### Required work:
Here is a listing. Write it all out again exactly, but not its pictures.

>>>>

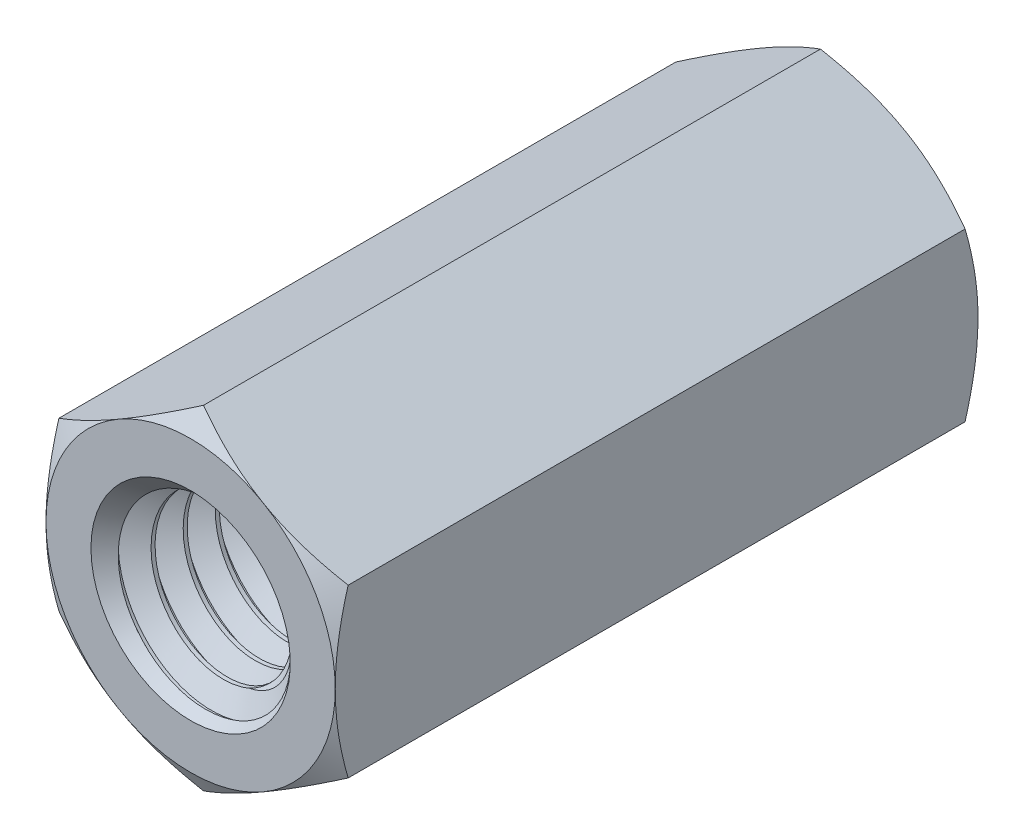
SolidWorks part; units mm, degrees
ref_plane "Front Plane" through (0, 0, 0) normal (0, 0, 1) x (1, 0, 0)
ref_plane "Top Plane" through (0, 0, 0) normal (0, 1, 0) x (1, 0, 0)
ref_plane "Right Plane" through (0, 0, 0) normal (1, 0, 0) x (0, 0, -1)
sketch "Sketch3" plane through (0, 0, 0) normal (1, 0, 0) x (0, 0, -1)
  line L0 (-5, 0) -> (5, 0) construction
  line L1 (0, 2.25) -> (0, -2.25) construction
  line L2 (-5, 1.5) -> (-5, -1.5) construction
  point P2 (-1.3, 0)
  point P3 (1.3, 0)
  dimension "D1" = 6.3
  dimension "Length" = 10
  dimension "Min Thread Length" = 6.3
  dimension "Thread Dia" = 3
  dimension "Hex" = 4.5
sketch "Sketch1" plane through (0, 0, 0) normal (0, 0, 1) x (1, 0, 0)
  line L1 (0, 2.5981) -> (-2.25, 1.299)
  line L2 (-2.25, 1.299) -> (-2.25, -1.299)
  line L3 (-2.25, -1.299) -> (0, -2.5981)
  line L4 (0, -2.5981) -> (2.25, -1.299)
  line L5 (2.25, -1.299) -> (2.25, 1.299)
  line L6 (2.25, 1.299) -> (0, 2.5981)
  circle A0 centre (0, 0) radius 2.25 construction
  circle A1 centre (0, 0) radius 1.5
extrude "Extrude1" add sketch "Sketch1" along normal up to vertex (5 mm away) and the other way up to vertex (5 mm away) up to point (0, 0, 5) other way up to point (0, 0, -5)
sketch "Sketch11" plane through (0, 0, -5) normal (0, 0, -1) x (-1, 0, 0)
  circle A0 centre (0, 0) radius 1.5 construction
  circle A1 centre (0, 0) radius 1.5
curve "Helix/Spiral1" pitch 0.5 height 10.5 radius 1.5 centre (0, 0, -5) axis (0, 0, 1) start towards (0, 1, 0) parameters "Pitch"=0.5
sketch "Sketch12" plane through (0, 0, 0) normal (1, 0, 0) x (0, 0, -1)
  line L0 (5.4375, 1.5) -> (5, 1.5)
  line L1 (5.4375, 1.5) -> (5.25, 1.1752)
  line L2 (5.25, 1.1752) -> (5.1875, 1.1752)
  line L3 (5.1875, 1.1752) -> (5, 1.5)
  line L4 (5.2188, 1.1752) -> (5.2188, 1.5) construction
  line L5 (5.3438, 1.3376) -> (5.0938, 1.3376) construction
  dimension "D1" = 0.0625
  dimension "D2" = 0.25
  dimension "D3" = 60
sweep "Sweep1" add profiles "Sketch12" path "Helix/Spiral1"
sketch "Sketch6" plane through (0, 0, -5) normal (0, 0, -1) x (-1, 0, 0)
  line L6 (0, 2.5981) -> (-2.25, 1.299)
  line L7 (-2.25, 1.299) -> (-2.25, -1.299)
  line L8 (-2.25, -1.299) -> (0, -2.5981)
  line L9 (0, -2.5981) -> (2.25, -1.299)
  line L10 (2.25, -1.299) -> (2.25, 1.299)
  line L11 (2.25, 1.299) -> (0, 2.5981)
  line L12 (0, 2.5981) -> (-2.25, 1.299)
  line L13 (-2.25, 1.299) -> (-2.25, -1.299)
  line L14 (-2.25, -1.299) -> (0, -2.5981)
  line L15 (0, -2.5981) -> (2.25, -1.299)
  line L16 (2.25, -1.299) -> (2.25, 1.299)
  line L17 (2.25, 1.299) -> (0, 2.5981)
  dimension "D1" = 0
extrude "Extrude2" cut sketch "Sketch6" along normal through all
sketch "Sketch7" plane through (0, 0, -5) normal (0, 0, -1) x (-1, 0, 0)
  circle A2 centre (0, 0) radius 1.5508
  circle A3 centre (0, 0) radius 1.5508
  dimension "D1" = 0.0508
extrude "Extrude3" cut sketch "Sketch7" against normal through all draft 43
sketch "Sketch8" plane through (0, 0, -5) normal (0, 0, -1) x (-1, 0, 0)
  circle A0 centre (0, 0) radius 2.25 construction
  circle A1 centre (0, 0) radius 2.25
extrude "Extrude4" cut sketch "Sketch8" against normal through all draft 60 flip side to cut
mirror "Mirror1" about plane through (0, 0, 0) normal (0, 0, 1) of "Extrude2", "Extrude3", "Extrude4"
sketch "Sketch9" [suppressed] plane through (0, 0, 0) normal (1, 0, 0) x (0, 0, -1)
  line L1 (-3.7, 1.5508) -> (3.7, 1.5508)
  line L2 (-3.7, 1.5508) -> (-3.7, 0)
  line L3 (-3.7, 0) -> (3.7, 0)
  line L4 (3.7, 1.5508) -> (3.7, 0)
  line L7 (-10, 0) -> (10, 0) construction
revolve "Revolve" [suppressed] add sketch "Sketch9" angle 360 about L0
sketch "Sketch10" [suppressed] plane through (0, 0, 0) normal (1, 0, 0) x (0, 0, -1)
  line L0 (10, 1.5) -> (3.7, 1.5)
  line L1 (-10, 1.5) -> (-3.7, 1.5)
  line L2 (3.7, 1.5) -> (3.7, -1.5)
  line L3 (-10, -1.5508) -> (-3.7, -1.5508)
  line L4 (-3.7, 1.5) -> (-3.7, -1.5508)
  line L5 (3.7, -1.5) -> (10, -1.5)
equation "\"D1@Sketch3\" = \"Min Thread Length@Sketch3\""
equation "\"D3@Helix/Spiral1\" = \"Length@Sketch3\"+\"Pitch@Helix/Spiral1\""
equation "\"D1@Sketch12\" = \"Pitch@Helix/Spiral1\"*.125"
equation "\"D2@Sketch12\" = \"Pitch@Helix/Spiral1\"*.5"

<<<<

### Response:
SolidWorks part; units mm, degrees
ref_plane "Front Plane" through (0, 0, 0) normal (0, 0, 1) x (1, 0, 0)
ref_plane "Top Plane" through (0, 0, 0) normal (0, 1, 0) x (1, 0, 0)
ref_plane "Right Plane" through (0, 0, 0) normal (1, 0, 0) x (0, 0, -1)
sketch "Sketch3" plane through (0, 0, 0) normal (1, 0, 0) x (0, 0, -1)
  line L0 (-5, 0) -> (5, 0) construction
  line L1 (0, 2.25) -> (0, -2.25) construction
  line L2 (-5, 1.5) -> (-5, -1.5) construction
  point P2 (-1.3, 0)
  point P3 (1.3, 0)
  dimension "D1" = 6.3
  dimension "Length" = 10
  dimension "Min Thread Length" = 6.3
  dimension "Thread Dia" = 3
  dimension "Hex" = 4.5
sketch "Sketch1" plane through (0, 0, 0) normal (0, 0, 1) x (1, 0, 0)
  line L1 (0, 2.5981) -> (-2.25, 1.299)
  line L2 (-2.25, 1.299) -> (-2.25, -1.299)
  line L3 (-2.25, -1.299) -> (0, -2.5981)
  line L4 (0, -2.5981) -> (2.25, -1.299)
  line L5 (2.25, -1.299) -> (2.25, 1.299)
  line L6 (2.25, 1.299) -> (0, 2.5981)
  circle A0 centre (0, 0) radius 2.25 construction
  circle A1 centre (0, 0) radius 1.5
extrude "Extrude1" add sketch "Sketch1" along normal up to vertex (5 mm away) and the other way up to vertex (5 mm away) up to point (0, 0, 5) other way up to point (0, 0, -5)
sketch "Sketch11" plane through (0, 0, -5) normal (0, 0, -1) x (-1, 0, 0)
  circle A0 centre (0, 0) radius 1.5 construction
  circle A1 centre (0, 0) radius 1.5
curve "Helix/Spiral1" pitch 0.5 height 10.5 radius 1.5 centre (0, 0, -5) axis (0, 0, 1) start towards (0, 1, 0) parameters "Pitch"=0.5
sketch "Sketch12" plane through (0, 0, 0) normal (1, 0, 0) x (0, 0, -1)
  line L0 (5.4375, 1.5) -> (5, 1.5)
  line L1 (5.4375, 1.5) -> (5.25, 1.1752)
  line L2 (5.25, 1.1752) -> (5.1875, 1.1752)
  line L3 (5.1875, 1.1752) -> (5, 1.5)
  line L4 (5.2188, 1.1752) -> (5.2188, 1.5) construction
  line L5 (5.3438, 1.3376) -> (5.0938, 1.3376) construction
  dimension "D1" = 0.0625
  dimension "D2" = 0.25
  dimension "D3" = 60
sweep "Sweep1" add profiles "Sketch12" path "Helix/Spiral1"
sketch "Sketch6" plane through (0, 0, -5) normal (0, 0, -1) x (-1, 0, 0)
  line L6 (0, 2.5981) -> (-2.25, 1.299)
  line L7 (-2.25, 1.299) -> (-2.25, -1.299)
  line L8 (-2.25, -1.299) -> (0, -2.5981)
  line L9 (0, -2.5981) -> (2.25, -1.299)
  line L10 (2.25, -1.299) -> (2.25, 1.299)
  line L11 (2.25, 1.299) -> (0, 2.5981)
  line L12 (0, 2.5981) -> (-2.25, 1.299)
  line L13 (-2.25, 1.299) -> (-2.25, -1.299)
  line L14 (-2.25, -1.299) -> (0, -2.5981)
  line L15 (0, -2.5981) -> (2.25, -1.299)
  line L16 (2.25, -1.299) -> (2.25, 1.299)
  line L17 (2.25, 1.299) -> (0, 2.5981)
  dimension "D1" = 0
extrude "Extrude2" cut sketch "Sketch6" along normal through all
sketch "Sketch7" plane through (0, 0, -5) normal (0, 0, -1) x (-1, 0, 0)
  circle A2 centre (0, 0) radius 1.5508
  circle A3 centre (0, 0) radius 1.5508
  dimension "D1" = 0.0508
extrude "Extrude3" cut sketch "Sketch7" against normal through all draft 43
sketch "Sketch8" plane through (0, 0, -5) normal (0, 0, -1) x (-1, 0, 0)
  circle A0 centre (0, 0) radius 2.25 construction
  circle A1 centre (0, 0) radius 2.25
extrude "Extrude4" cut sketch "Sketch8" against normal through all draft 60 flip side to cut
mirror "Mirror1" about plane through (0, 0, 0) normal (0, 0, 1) of "Extrude2", "Extrude3", "Extrude4"
sketch "Sketch9" [suppressed] plane through (0, 0, 0) normal (1, 0, 0) x (0, 0, -1)
  line L1 (-3.7, 1.5508) -> (3.7, 1.5508)
  line L2 (-3.7, 1.5508) -> (-3.7, 0)
  line L3 (-3.7, 0) -> (3.7, 0)
  line L4 (3.7, 1.5508) -> (3.7, 0)
  line L7 (-10, 0) -> (10, 0) construction
revolve "Revolve" [suppressed] add sketch "Sketch9" angle 360 about L0
sketch "Sketch10" [suppressed] plane through (0, 0, 0) normal (1, 0, 0) x (0, 0, -1)
  line L0 (10, 1.5) -> (3.7, 1.5)
  line L1 (-10, 1.5) -> (-3.7, 1.5)
  line L2 (3.7, 1.5) -> (3.7, -1.5)
  line L3 (-10, -1.5508) -> (-3.7, -1.5508)
  line L4 (-3.7, 1.5) -> (-3.7, -1.5508)
  line L5 (3.7, -1.5) -> (10, -1.5)
equation "\"D1@Sketch3\" = \"Min Thread Length@Sketch3\""
equation "\"D3@Helix/Spiral1\" = \"Length@Sketch3\"+\"Pitch@Helix/Spiral1\""
equation "\"D1@Sketch12\" = \"Pitch@Helix/Spiral1\"*.125"
equation "\"D2@Sketch12\" = \"Pitch@Helix/Spiral1\"*.5"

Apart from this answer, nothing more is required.